Не-е-ет! Не думать об этом! Совсем не думать!

« -Ты пахнешь, могилой…

Нет, правда, тебе никто раньше не говорил? Арел не говорил?

Нет! На самом деле, хорошо, не могилой, я плохо выразился, землёй, сырой землёй, ну как будто ты спустился в погреб, там такой же запах…

И Лису кажется, что Никто на минуту задумывается и потом соглашается:

– Странно, я никогда не думал об этом, а ведь я полжизни прожил под землёй… Но, лучше не вороши моё прошлое. Хвати ворошить моё прошлое…

И Никто склоняется над ним…

«Не вороши моё прошлое. Хвати ворошить моё прошлое…»

И Лис не замечает, как неосознанно хватается за ухо, закрывая его ладонью.

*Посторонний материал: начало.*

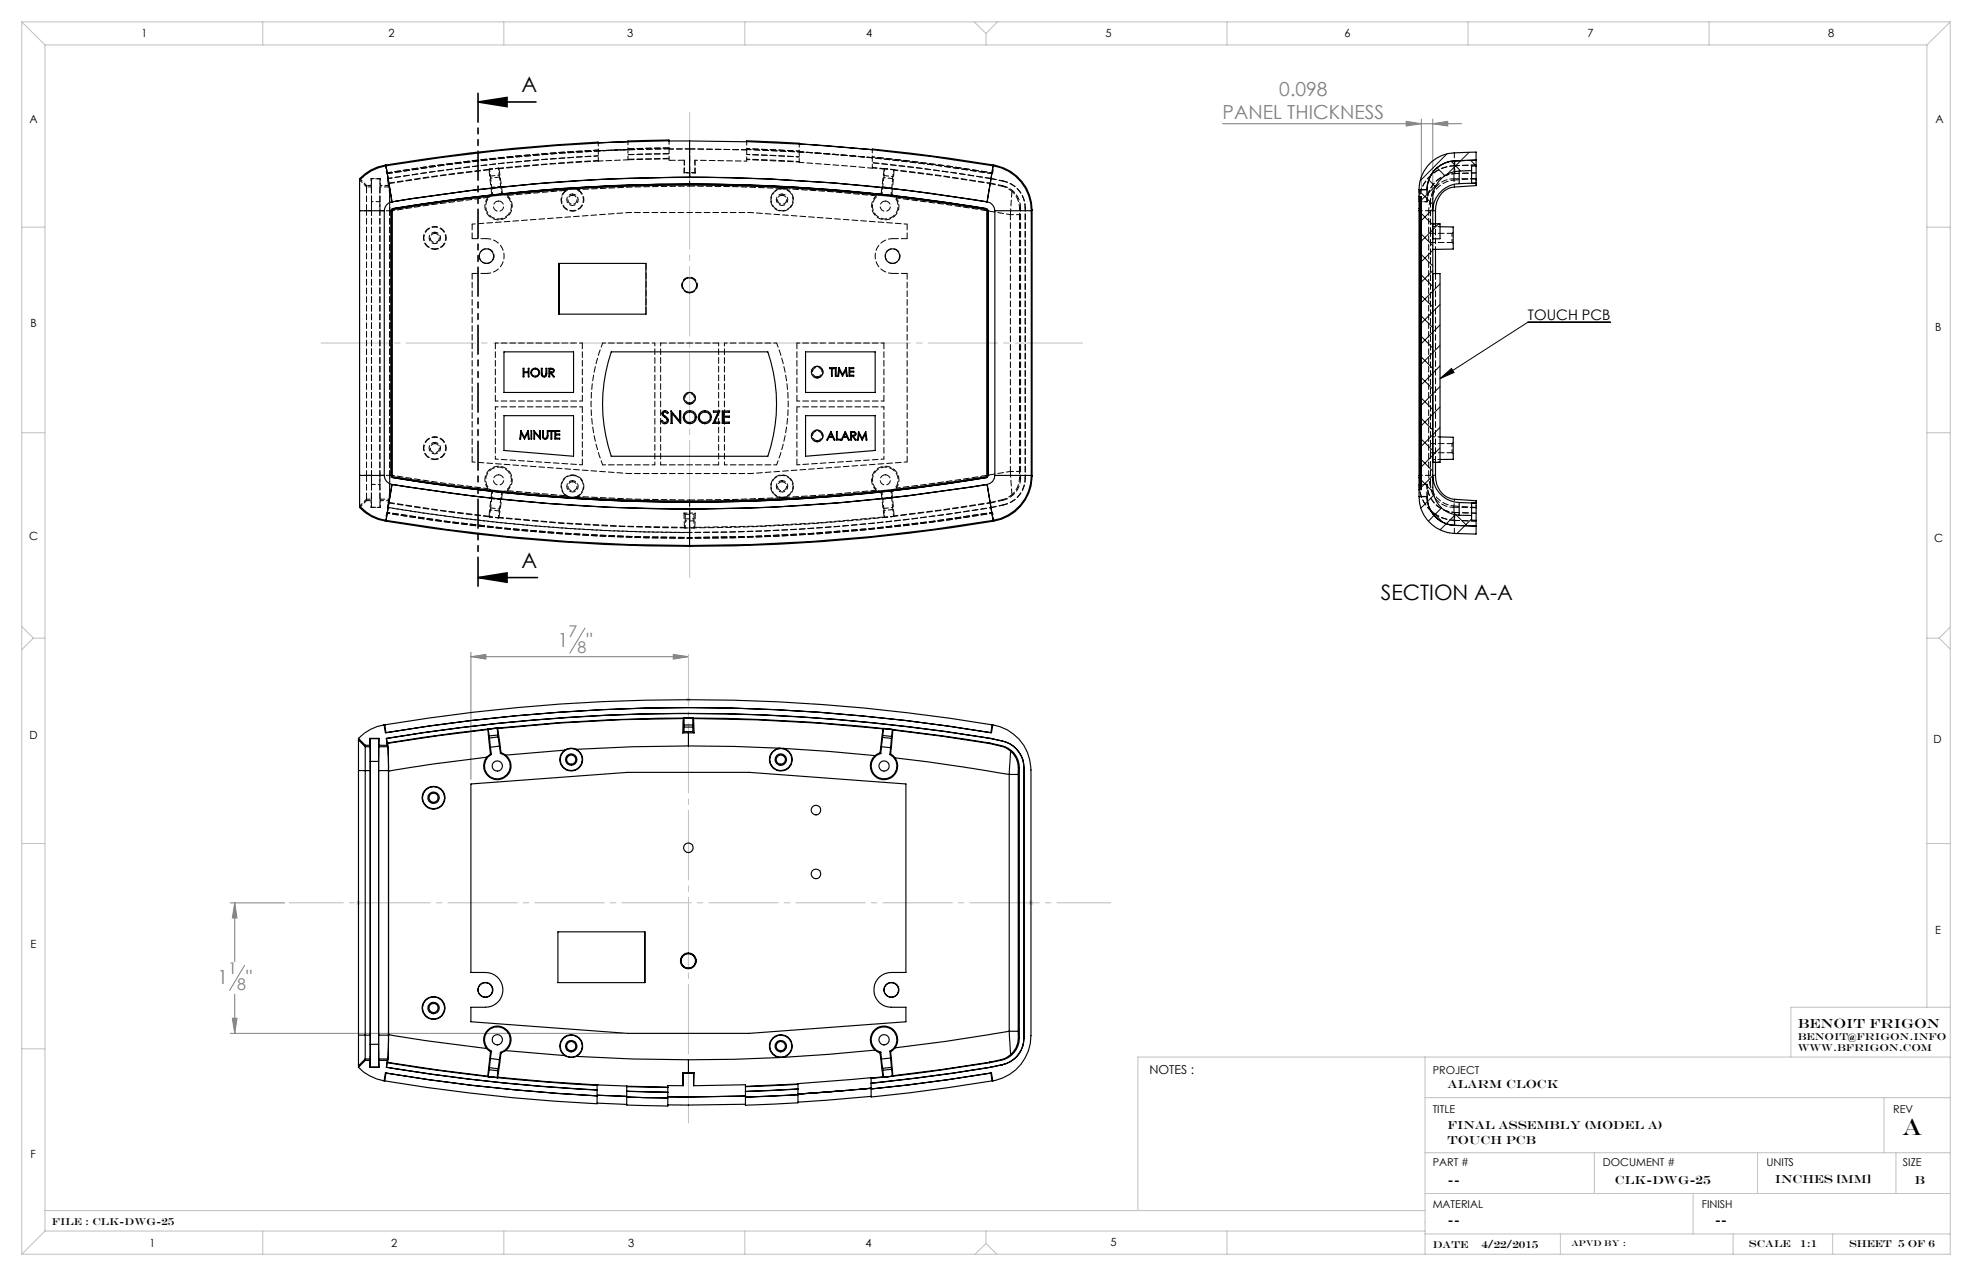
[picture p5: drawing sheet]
<svg xmlns="http://www.w3.org/2000/svg" width="432mm" height="279mm" viewBox="0 0 432 279" stroke-linecap="round" stroke-linejoin="round" font-family="sans-serif">
<path d="M352.6 70.6h-18.1l-19.2 12.3M315.3 82.9l2.5-2.2 .6 .9z" fill="none" stroke="#000" stroke-width=".22"/>
<path d="M104.7 22.3h12.7M104.7 22.3l6.3-1v2.1zM104.7 126.5h13M104.7 126.5l6.3-1.1v2.1z" fill="none" stroke="#000" stroke-width=".35"/>
<g fill="none" stroke="#808080" stroke-width=".22">
<path d="M267.7 27.1h52.4M307.9 26.6l3.3 .5-3.3 .5zM311.2 26.1v16M313.7 27.1l3.3-.5v1zM313.7 26.1v16.4M128.1 137.5l-3.3 5.5M103.1 143.8l3.3-.5v1zM103.1 142.8v27.9M103.1 143.8h47.6M147.4 143.3l3.3 .5-3.3 .5zM50.4 197.7h11.9M51.4 197.7l.5 3.3h-1z"/>
<path d="M51.4 197.7v12.9M51.4 217.7v8.6M53.6 211.4l-3.3 5.5M50.4 226.3h86M50.9 223h1l-.5 3.3z"/>
</g>
<g fill="none" stroke="#c0c0c0" stroke-width=".22">
<path d="M4.8 4.8l5 5M4.8 4.8h422.2M4.8 4.8v269.8M9.8 9.8h412.1M9.8 9.8v259.8M57.5 4.8v5M110.3 4.8v5M163.1 4.8v5M213.3 4.8l2.6 2.5M215.9 7.3v2.5M218.4 4.8l-2.5 2.5M268.7 4.8v5"/>
<path d="M321.5 4.8v5M374.2 4.8v5M421.9 9.8v210.8M427 4.8l-5.1 5M427 4.8v269.8h-422.2M4.8 49.7h5M421.9 49.7h5.1M4.8 94.8h5M421.9 94.8h5.1M4.8 137.2l2.5 2.5M7.3 139.7l-2.5 2.6M7.3 139.7h2.5"/>
<path d="M421.9 139.7h2.7M424.6 139.7l2.4 2.4M427 137.3l-2.4 2.4M150.2 153.2h1M150.4 152.9l.7 .7M150.7 152.7v1M151.1 152.9l-.7 .7M4.8 184.7h5M78 197.7h1M78.1 197.3l.7 .7M78.5 197.2v1M78.8 197.3l-.7 .7"/>
<path d="M225.2 197.7h1M225.4 197.3l.7 .7M225.7 197.2v1M226.1 197.3l-.7 .7M421.9 184.7h5.1M4.8 229.7h5M312 231.5v43.1M427 231.5h-177.8v33.6M427 220.6h-34.9v10.9M312 240.3h115M312 252.4h115M349.1 252.4v8.9"/>
<path d="M384.8 252.4v8.9M412.5 240.3v12.1M415.1 252.4v8.9M9.8 265.1h302.2M9.8 269.6l-5 5M9.8 269.6h302.2M57.5 269.6v5M110.3 269.6v5M163.1 269.6v5M215.9 272.3l-2.4 2.3M215.9 272.3l2.4 2.3M215.9 269.6v2.7"/>
<path d="M268.7 269.6v5M312 270.2h115M312 261.3h115M341.7 270.2v4.4M370.7 261.3v8.9M379.5 270.2v4.4M401.3 270.2v4.4"/>
</g>
<path d="M104.7 128.5v-108.2" fill="none" stroke="#000" stroke-width=".35" stroke-dasharray="6.3 1.3 1.3 1.3 1.3 1.3" stroke-dashoffset="-.1"/>
<path d="M63.3 197.7h179.9" fill="none" stroke="#c0c0c0" stroke-width=".22" stroke-dasharray="15.2 1.3 1.3 1.3" stroke-dashoffset="3.4"/>
<path d="M150.8 245.9v-102.6" fill="none" stroke="#c0c0c0" stroke-width=".22" stroke-dasharray="15.2 1.3 1.3 1.3" stroke-dashoffset="3.9"/>
<path d="M70.3 75.1h166.8" fill="none" stroke="#c0c0c0" stroke-width=".22" stroke-dasharray="15.2 1.3 1.3 1.3" stroke-dashoffset=".4"/>
<path d="M151 24.6v101.8" fill="none" stroke="#c0c0c0" stroke-width=".22" stroke-dasharray="15.2 1.3 1.3 1.3" stroke-dashoffset="4.3"/>
<g fill="#000">
<path d="M315.3 82.9l2.5-2.2 .6 .9z"/>
<path d="M104.7 126.5l6.3-1.1v2.1zM104.7 22.3l6.3-1v2.1z"/>
</g>
<g fill="#808080">
<path d="M50.9 223h1l-.5 3.3zM51.4 197.7l.5 3.3h-1zM103.1 143.8l3.3-.5v1zM147.4 143.3l3.3 .5-3.3 .5z"/>
<path d="M313.7 27.1l3.3-.5v1zM307.9 26.6l3.3 .5-3.3 .5z"/>
</g>
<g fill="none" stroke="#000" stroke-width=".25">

Он несмело проводит рукой по татуированному бедру. Он ощущает неровности, лёгкие выпуклости рисунка, там, где видимо кожа была пробита глубже, чем надо. Или такие едва ощутимые выпуклости образуются тогда, когда краска по какой-то причине «выходит» и приходится проходить иглой это место несколько раз. А может просто на этих участках как-то неправильно происходило заживление и образовалось что-то похожее на следы от шрамов. Лис в этом мало разбирается, впрочем, он знает, слышал от кого-то, что если татуировка выпуклая, значит, она сделана неправильно. Слишком грубо и глубоко. Или нет, если татуировка расплывается, значит, она сделана неверно, краску забили в жировой слой. Или и то и другое верно. А может так и должно быть? В этих рассуждениях нет никакого смысла. Просто Лис чувствует лёгкие неровности под пальцами и ему это нравиться. Нравится, чёрт возьми! Он ощущает такую лёгкую истому и желание, как там… тогда… в пределе. Словно от тела Никто исходят какие-то притягивающие волны. Лис его уже трахнул, только что. Быстро, наверное, даже агрессивно. Без всяких прелюдий и сантиментов. И ничто не мешает ему сейчас встать и уйти. А он не уходит. Вместо этого он продолжает лежать рядом и гладит, гладит это раскрашенное тело. Никто не шевелиться и ничего не говорит. Он вообще не издал ни звука за всё то время, пока длилась их «любовь». Интересно, а под Арелом он стонет?